Выбрать главу

Я защищался, и кое–что удалось отстоять. Мы ссорились. Однажды муж редакторши вышел из своего кабинета и сказал увещательно:

— Товарищи, вы же интеллигентные люди!

Искаженный до неузнаваемости, роман был папечатан на страницах «Нового мира» в 1952 году. Появились рецензии — немного, две или три. Отдавая должное моему упрямству, авторы в один голос утверждали, что, при всех недостатках, первая часть все–таки несомненно выше второй. Впоследствии я старательно восстановил первоначальный текст.

Прошел месяц, другой, и я случайно встретил Твардовского в Союзе писателей.

— Ну что ж! Почти «Джен Эйр», — сказал он.

Тон его мне не понравился. В тоне было что–то снисходительное, ласково–насмешливое. Я промолчал.
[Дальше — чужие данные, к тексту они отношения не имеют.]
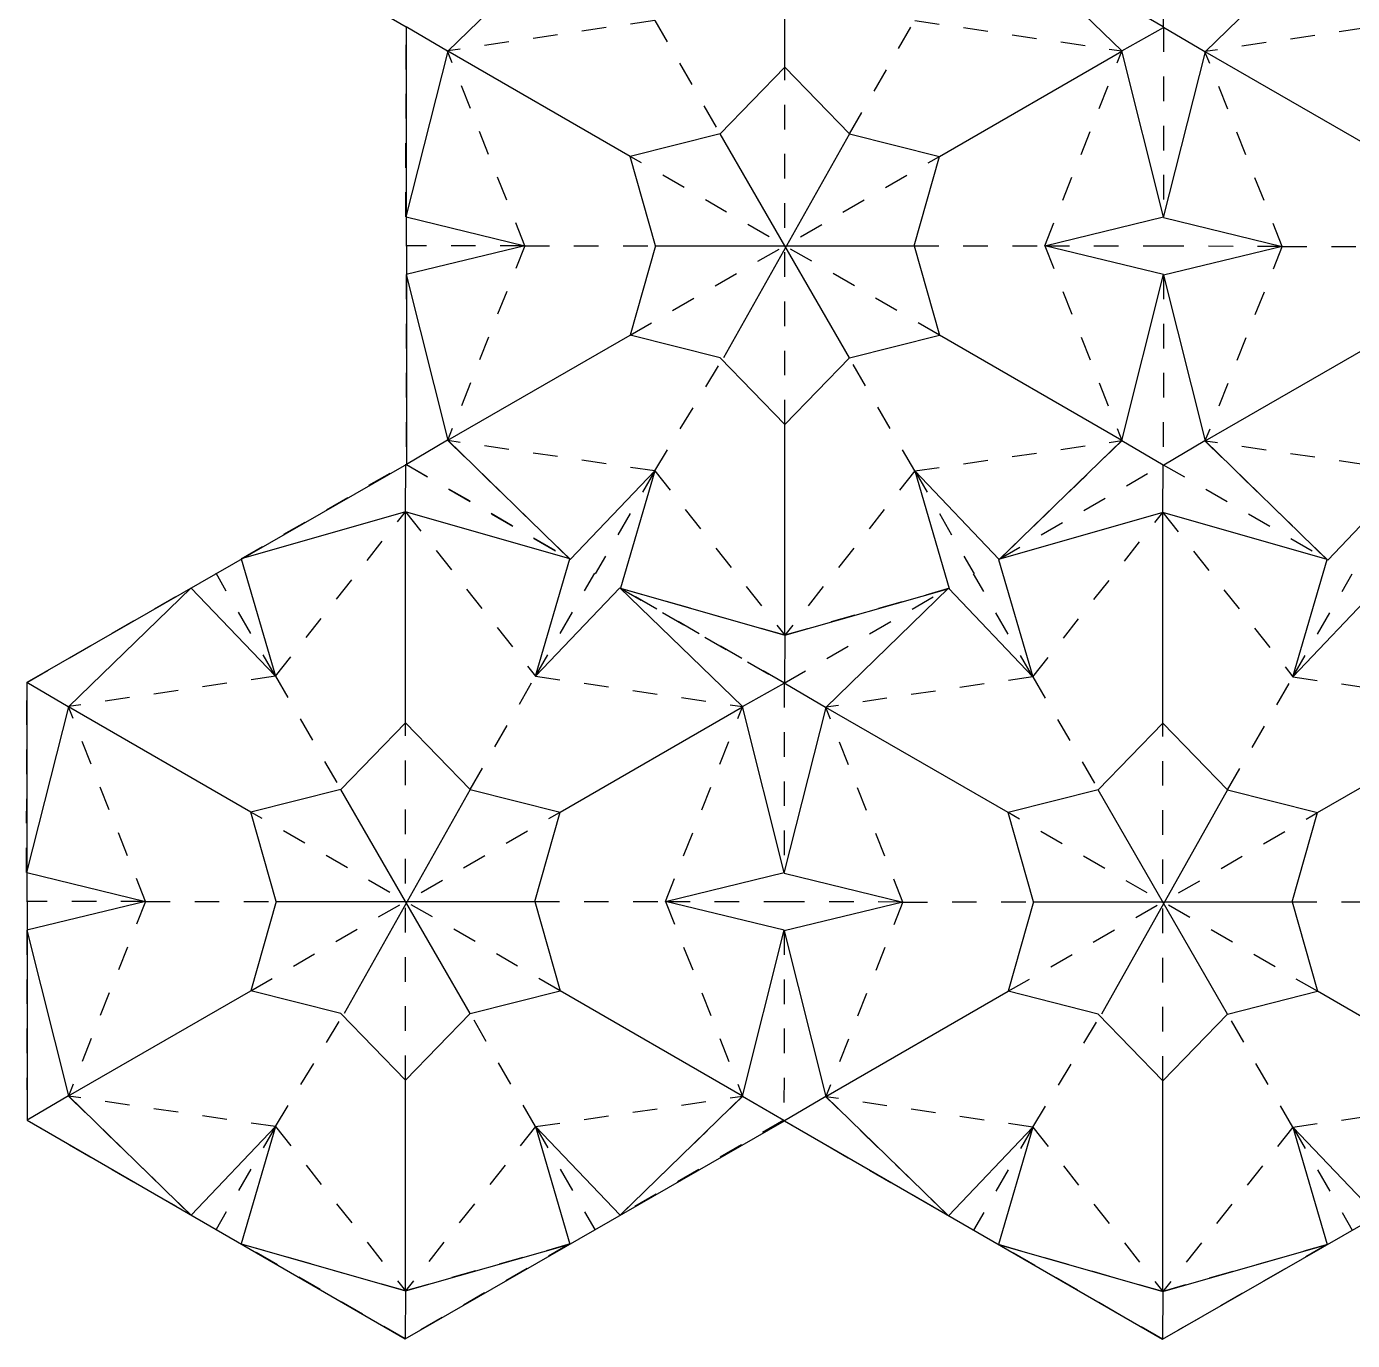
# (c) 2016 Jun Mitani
# Model space of a CAD drawing. Extents: x 8 to 204, y -288 to -10.
# Drawn here: x 8.3 to 84.4, y -243.4 to -168 of the extents above; entities that cross this region are included whole.
import ezdxf

# ---------------------------------------------------------------- set-up
doc = ezdxf.new("R2010")
doc.units = 0
for name, pattern in [('AI-LINETYPE-476', [2.822222, 1.411111, -1.411111]), ('AI-LINETYPE-564', [2.822222, 1.411111, -1.411111]), ('AI-LINETYPE-565', [2.822222, 1.411111, -1.411111]), ('AI-LINETYPE-566', [2.822222, 1.411111, -1.411111]), ('AI-LINETYPE-567', [2.822222, 1.411111, -1.411111]), ('AI-LINETYPE-568', [2.822222, 1.411111, -1.411111]), ('AI-LINETYPE-569', [2.822222, 1.411111, -1.411111]), ('AI-LINETYPE-570', [2.822222, 1.411111, -1.411111]), ('AI-LINETYPE-571', [2.822222, 1.411111, -1.411111]), ('AI-LINETYPE-572', [2.822222, 1.411111, -1.411111]), ('AI-LINETYPE-573', [2.822222, 1.411111, -1.411111]), ('AI-LINETYPE-574', [2.822222, 1.411111, -1.411111]), ('AI-LINETYPE-575', [2.822222, 1.411111, -1.411111]), ('AI-LINETYPE-576', [2.822222, 1.411111, -1.411111]), ('AI-LINETYPE-577', [2.822222, 1.411111, -1.411111]), ('AI-LINETYPE-578', [2.822222, 1.411111, -1.411111]), ('AI-LINETYPE-581', [2.822222, 1.411111, -1.411111]), ('AI-LINETYPE-582', [2.822222, 1.411111, -1.411111]), ('AI-LINETYPE-583', [2.822222, 1.411111, -1.411111]), ('AI-LINETYPE-584', [2.822222, 1.411111, -1.411111]), ('AI-LINETYPE-585', [2.822222, 1.411111, -1.411111]), ('AI-LINETYPE-586', [2.822222, 1.411111, -1.411111]), ('AI-LINETYPE-589', [2.822222, 1.411111, -1.411111]), ('AI-LINETYPE-590', [2.822222, 1.411111, -1.411111]), ('AI-LINETYPE-591', [2.822222, 1.411111, -1.411111]), ('AI-LINETYPE-592', [2.822222, 1.411111, -1.411111]), ('AI-LINETYPE-593', [2.822222, 1.411111, -1.411111]), ('AI-LINETYPE-594', [2.822222, 1.411111, -1.411111]), ('AI-LINETYPE-595', [2.822222, 1.411111, -1.411111]), ('AI-LINETYPE-601', [2.822222, 1.411111, -1.411111]), ('AI-LINETYPE-602', [2.822222, 1.411111, -1.411111]), ('AI-LINETYPE-603', [2.822222, 1.411111, -1.411111]), ('AI-LINETYPE-604', [2.822222, 1.411111, -1.411111]), ('AI-LINETYPE-605', [2.822222, 1.411111, -1.411111]), ('AI-LINETYPE-606', [2.822222, 1.411111, -1.411111]), ('AI-LINETYPE-607', [2.822222, 1.411111, -1.411111]), ('AI-LINETYPE-615', [2.822222, 1.411111, -1.411111]), ('AI-LINETYPE-624', [2.822222, 1.411111, -1.411111]), ('AI-LINETYPE-625', [2.822222, 1.411111, -1.411111]), ('AI-LINETYPE-626', [2.822222, 1.411111, -1.411111]), ('AI-LINETYPE-627', [2.822222, 1.411111, -1.411111]), ('AI-LINETYPE-633', [2.822222, 1.411111, -1.411111]), ('AI-LINETYPE-645', [2.822222, 1.411111, -1.411111]), ('AI-LINETYPE-646', [2.822222, 1.411111, -1.411111]), ('AI-LINETYPE-650', [2.822222, 1.411111, -1.411111]), ('AI-LINETYPE-651', [2.822222, 1.411111, -1.411111]), ('AI-LINETYPE-652', [2.822222, 1.411111, -1.411111]), ('AI-LINETYPE-729', [2.822222, 1.411111, -1.411111]), ('AI-LINETYPE-730', [2.822222, 1.411111, -1.411111]), ('AI-LINETYPE-731', [2.822222, 1.411111, -1.411111]), ('AI-LINETYPE-732', [2.822222, 1.411111, -1.411111]), ('AI-LINETYPE-733', [2.822222, 1.411111, -1.411111]), ('AI-LINETYPE-734', [2.822222, 1.411111, -1.411111]), ('AI-LINETYPE-735', [2.822222, 1.411111, -1.411111]), ('AI-LINETYPE-736', [2.822222, 1.411111, -1.411111]), ('AI-LINETYPE-737', [2.822222, 1.411111, -1.411111]), ('AI-LINETYPE-738', [2.822222, 1.411111, -1.411111]), ('AI-LINETYPE-739', [2.822222, 1.411111, -1.411111]), ('AI-LINETYPE-740', [2.822222, 1.411111, -1.411111]), ('AI-LINETYPE-741', [2.822222, 1.411111, -1.411111]), ('AI-LINETYPE-742', [2.822222, 1.411111, -1.411111]), ('AI-LINETYPE-743', [2.822222, 1.411111, -1.411111]), ('AI-LINETYPE-744', [2.822222, 1.411111, -1.411111]), ('AI-LINETYPE-745', [2.822222, 1.411111, -1.411111]), ('AI-LINETYPE-746', [2.822222, 1.411111, -1.411111]), ('AI-LINETYPE-747', [2.822222, 1.411111, -1.411111]), ('AI-LINETYPE-748', [2.822222, 1.411111, -1.411111]), ('AI-LINETYPE-749', [2.822222, 1.411111, -1.411111]), ('AI-LINETYPE-750', [2.822222, 1.411111, -1.411111]), ('AI-LINETYPE-751', [2.822222, 1.411111, -1.411111]), ('AI-LINETYPE-752', [2.822222, 1.411111, -1.411111]), ('AI-LINETYPE-753', [2.822222, 1.411111, -1.411111]), ('AI-LINETYPE-754', [2.822222, 1.411111, -1.411111]), ('AI-LINETYPE-755', [2.822222, 1.411111, -1.411111]), ('AI-LINETYPE-756', [2.822222, 1.411111, -1.411111]), ('AI-LINETYPE-757', [2.822222, 1.411111, -1.411111]), ('AI-LINETYPE-758', [2.822222, 1.411111, -1.411111]), ('AI-LINETYPE-759', [2.822222, 1.411111, -1.411111]), ('AI-LINETYPE-760', [2.822222, 1.411111, -1.411111]), ('AI-LINETYPE-761', [2.822222, 1.411111, -1.411111]), ('AI-LINETYPE-762', [2.822222, 1.411111, -1.411111]), ('AI-LINETYPE-763', [2.822222, 1.411111, -1.411111]), ('AI-LINETYPE-764', [2.822222, 1.411111, -1.411111]), ('AI-LINETYPE-765', [2.822222, 1.411111, -1.411111]), ('AI-LINETYPE-766', [2.822222, 1.411111, -1.411111]), ('AI-LINETYPE-767', [2.822222, 1.411111, -1.411111]), ('AI-LINETYPE-768', [2.822222, 1.411111, -1.411111]), ('AI-LINETYPE-770', [2.822222, 1.411111, -1.411111]), ('AI-LINETYPE-771', [2.822222, 1.411111, -1.411111]), ('AI-LINETYPE-772', [2.822222, 1.411111, -1.411111]), ('AI-LINETYPE-773', [2.822222, 1.411111, -1.411111]), ('AI-LINETYPE-774', [2.822222, 1.411111, -1.411111]), ('AI-LINETYPE-775', [2.822222, 1.411111, -1.411111]), ('AI-LINETYPE-776', [2.822222, 1.411111, -1.411111]), ('AI-LINETYPE-778', [2.822222, 1.411111, -1.411111]), ('AI-LINETYPE-779', [2.822222, 1.411111, -1.411111]), ('AI-LINETYPE-781', [2.822222, 1.411111, -1.411111]), ('AI-LINETYPE-782', [2.822222, 1.411111, -1.411111]), ('AI-LINETYPE-783', [2.822222, 1.411111, -1.411111]), ('AI-LINETYPE-784', [2.822222, 1.411111, -1.411111]), ('AI-LINETYPE-785', [2.822222, 1.411111, -1.411111]), ('AI-LINETYPE-786', [2.822222, 1.411111, -1.411111]), ('AI-LINETYPE-787', [2.822222, 1.411111, -1.411111]), ('AI-LINETYPE-789', [2.822222, 1.411111, -1.411111]), ('AI-LINETYPE-790', [2.822222, 1.411111, -1.411111]), ('AI-LINETYPE-791', [2.822222, 1.411111, -1.411111]), ('AI-LINETYPE-792', [2.822222, 1.411111, -1.411111]), ('AI-LINETYPE-793', [2.822222, 1.411111, -1.411111]), ('AI-LINETYPE-794', [2.822222, 1.411111, -1.411111]), ('AI-LINETYPE-795', [2.822222, 1.411111, -1.411111]), ('AI-LINETYPE-796', [2.822222, 1.411111, -1.411111]), ('AI-LINETYPE-799', [2.822222, 1.411111, -1.411111]), ('AI-LINETYPE-800', [2.822222, 1.411111, -1.411111]), ('AI-LINETYPE-801', [2.822222, 1.411111, -1.411111]), ('AI-LINETYPE-802', [2.822222, 1.411111, -1.411111]), ('AI-LINETYPE-805', [2.822222, 1.411111, -1.411111]), ('AI-LINETYPE-806', [2.822222, 1.411111, -1.411111]), ('AI-LINETYPE-814', [2.822222, 1.411111, -1.411111]), ('AI-LINETYPE-815', [2.822222, 1.411111, -1.411111]), ('AI-LINETYPE-816', [2.822222, 1.411111, -1.411111]), ('AI-LINETYPE-817', [2.822222, 1.411111, -1.411111]), ('AI-LINETYPE-818', [2.822222, 1.411111, -1.411111]), ('AI-LINETYPE-823', [2.822222, 1.411111, -1.411111])]:
    doc.linetypes.add(name, pattern=pattern)
for name, color, linetype in [('CUTLINE', 7, 'CONTINUOUS'), ('MOUNTAINLINE', 7, 'CONTINUOUS'), ('VALLEYLINE', 7, 'CONTINUOUS')]:
    doc.layers.add(name, color=color, linetype=linetype)

# ---------------------------------------------------------------- blocks, each defined once
blk = doc.blocks.new('BLOCK_170')
at = {"layer": 'VALLEYLINE', "color": 29, "linetype": 'AI-LINETYPE-573'}
blk.add_lwpolyline([(59.258, -193.472), (51.799, -202.895)], dxfattribs=at)
blk = doc.blocks.new('BLOCK_171')
at = {"layer": 'VALLEYLINE', "color": 29, "linetype": 'AI-LINETYPE-574'}
blk.add_lwpolyline([(44.331, -193.472), (51.79, -202.895)], dxfattribs=at)
blk = doc.blocks.new('BLOCK_172')
at = {"layer": 'VALLEYLINE', "color": 29, "linetype": 'AI-LINETYPE-575'}
blk.add_lwpolyline([(66.719, -180.546), (71.15, -191.717)], dxfattribs=at)
blk = doc.blocks.new('BLOCK_173')
at = {"layer": 'VALLEYLINE', "color": 29, "linetype": 'AI-LINETYPE-576'}
blk.add_lwpolyline([(59.256, -193.473), (71.146, -191.725)], dxfattribs=at)
blk = doc.blocks.new('BLOCK_174')
at = {"layer": 'VALLEYLINE', "color": 29, "linetype": 'AI-LINETYPE-577'}
blk.add_lwpolyline([(59.256, -167.621), (71.146, -169.37)], dxfattribs=at)
blk = doc.blocks.new('BLOCK_175')
at = {"layer": 'VALLEYLINE', "color": 29, "linetype": 'AI-LINETYPE-578'}
blk.add_lwpolyline([(66.719, -180.549), (71.15, -169.378)], dxfattribs=at)
blk = doc.blocks.new('BLOCK_178')
at = {"layer": 'VALLEYLINE', "color": 29, "linetype": 'AI-LINETYPE-581'}
blk.add_lwpolyline([(36.869, -180.549), (32.438, -169.378)], dxfattribs=at)
blk = doc.blocks.new('BLOCK_179')
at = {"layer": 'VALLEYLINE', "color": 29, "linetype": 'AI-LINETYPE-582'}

Не время и не место было упрекать его в том, что он допустил появление на страницах «Нового мира» бледного подобия «Джен Эйр», с её сентиментальной порядочностью и ангельской добротой.

Я понял тогда, что Твардовский — в той полосе, когда работа в журнале для него — обязанность, серьёзного значения которой он в полной мере не осознает.

5

Другого Твардовского и другой журнал, как мне показалось, я встретил в 1960 году, когда принёс в редакцию статью «Белые пятна». Я попытался восстановить в ней историю группы «Серапионовы братья», восстанавливал по памяти свой последний разговор с Фадеевым. Упорное стремление опубликовать эту статью стоит внимания историка литературы. Это продолжалось шесть лет — и под другим названием («За рабочим столом»), с сокращениями статья все–таки была опубликована в 1965 году.

«Новый мир» был журналом, жизнь которого состояла из цепи событий. У него было не только будущее, но и прошлое, уходившее в историю русской общественной мысли. Понятие «традиции» осуществлялось как нападающее, причём объектом нападения была бедность мысли, серость языка, отсутствие достоинства, угодничество и лицемерие. На фоне упорной защиты традиций классической русской литературы острее ощущалось новаторство.

Но была и другая черта, ещё более важная. Современность всегда интересна, неподмеченное, ненаблюденное не перестаёт волновать. И эту современность, ежедневность, злободневность журнал не отъединял от нравственной цели, без которой грош цена любой занимательности, любой политической остроте.

Когда, в какой день и час произошёл решительный поворот Твардовского к журналу? Не знаю. Думаю, что он был давно подготовлен к этому повороту и что в то время как он работал над своей поэзией, его поэзия работала над ним. Смысл этого взаимопроникновения заключался в том, что Твардовский, подобно Некрасову, положил в основу своего творчества поэтическую правду, которая по самой своей природе требовала более широкого поля деятельности, чем собственно литература. Так же, как и некрасовская, это была правда, для всеобъемлющего значения которой мало одной поэзии и которая в поэзии придерживается как бы самой народной речью рождённых форм.

Но были и внутренние причины, которые создали «Новый мир» и нового Твардовского. О них я могу лишь догадываться. Без сомнения, те, кто помогал ему, учились у него многому, и прежде всего умению поддерживать ту атмосферу ответственной любви к литературе, которую чувствовал любой писатель, переступавший порог редакции. Но и Твардовский, надо полагать, учился у своих помощников, которые кое в чём были даже и опытнее, чем он.

6

По–прежнему мы встречались редко, и поводы были теперь деловые, связанные с журналом. Но встречались и без повода, случайно, и не могу сказать, что между нами завязались отношения близости или, по меньшей мере, деятельного интереса друг к другу.

Может быть, ему была чужда моя «книжность» (о которой я впоследствии напечатал статью в том же «Новом мире»), Хотя ведь и он был «книжным» человеком, прекрасно знавшим историю русской литературы, что приятно удивило меня ещё в Ялте! Но его книжность была другая — не вторгавшаяся в его поэзию, как моя — в мою прозу.

Так или иначе, встречаясь с ним, я все же не мог освободиться от чувства скованности. Мне всё казалось, что и книг моих он не знает, и моей многолетней работе не придаёт значения. Вероятно, я ошибался, и причина была совсем другая, не имевшая к литературе никакого отношения: нам обоим мешала застенчивость, которую во мне ещё труднее было предположить, чем в Твардовском.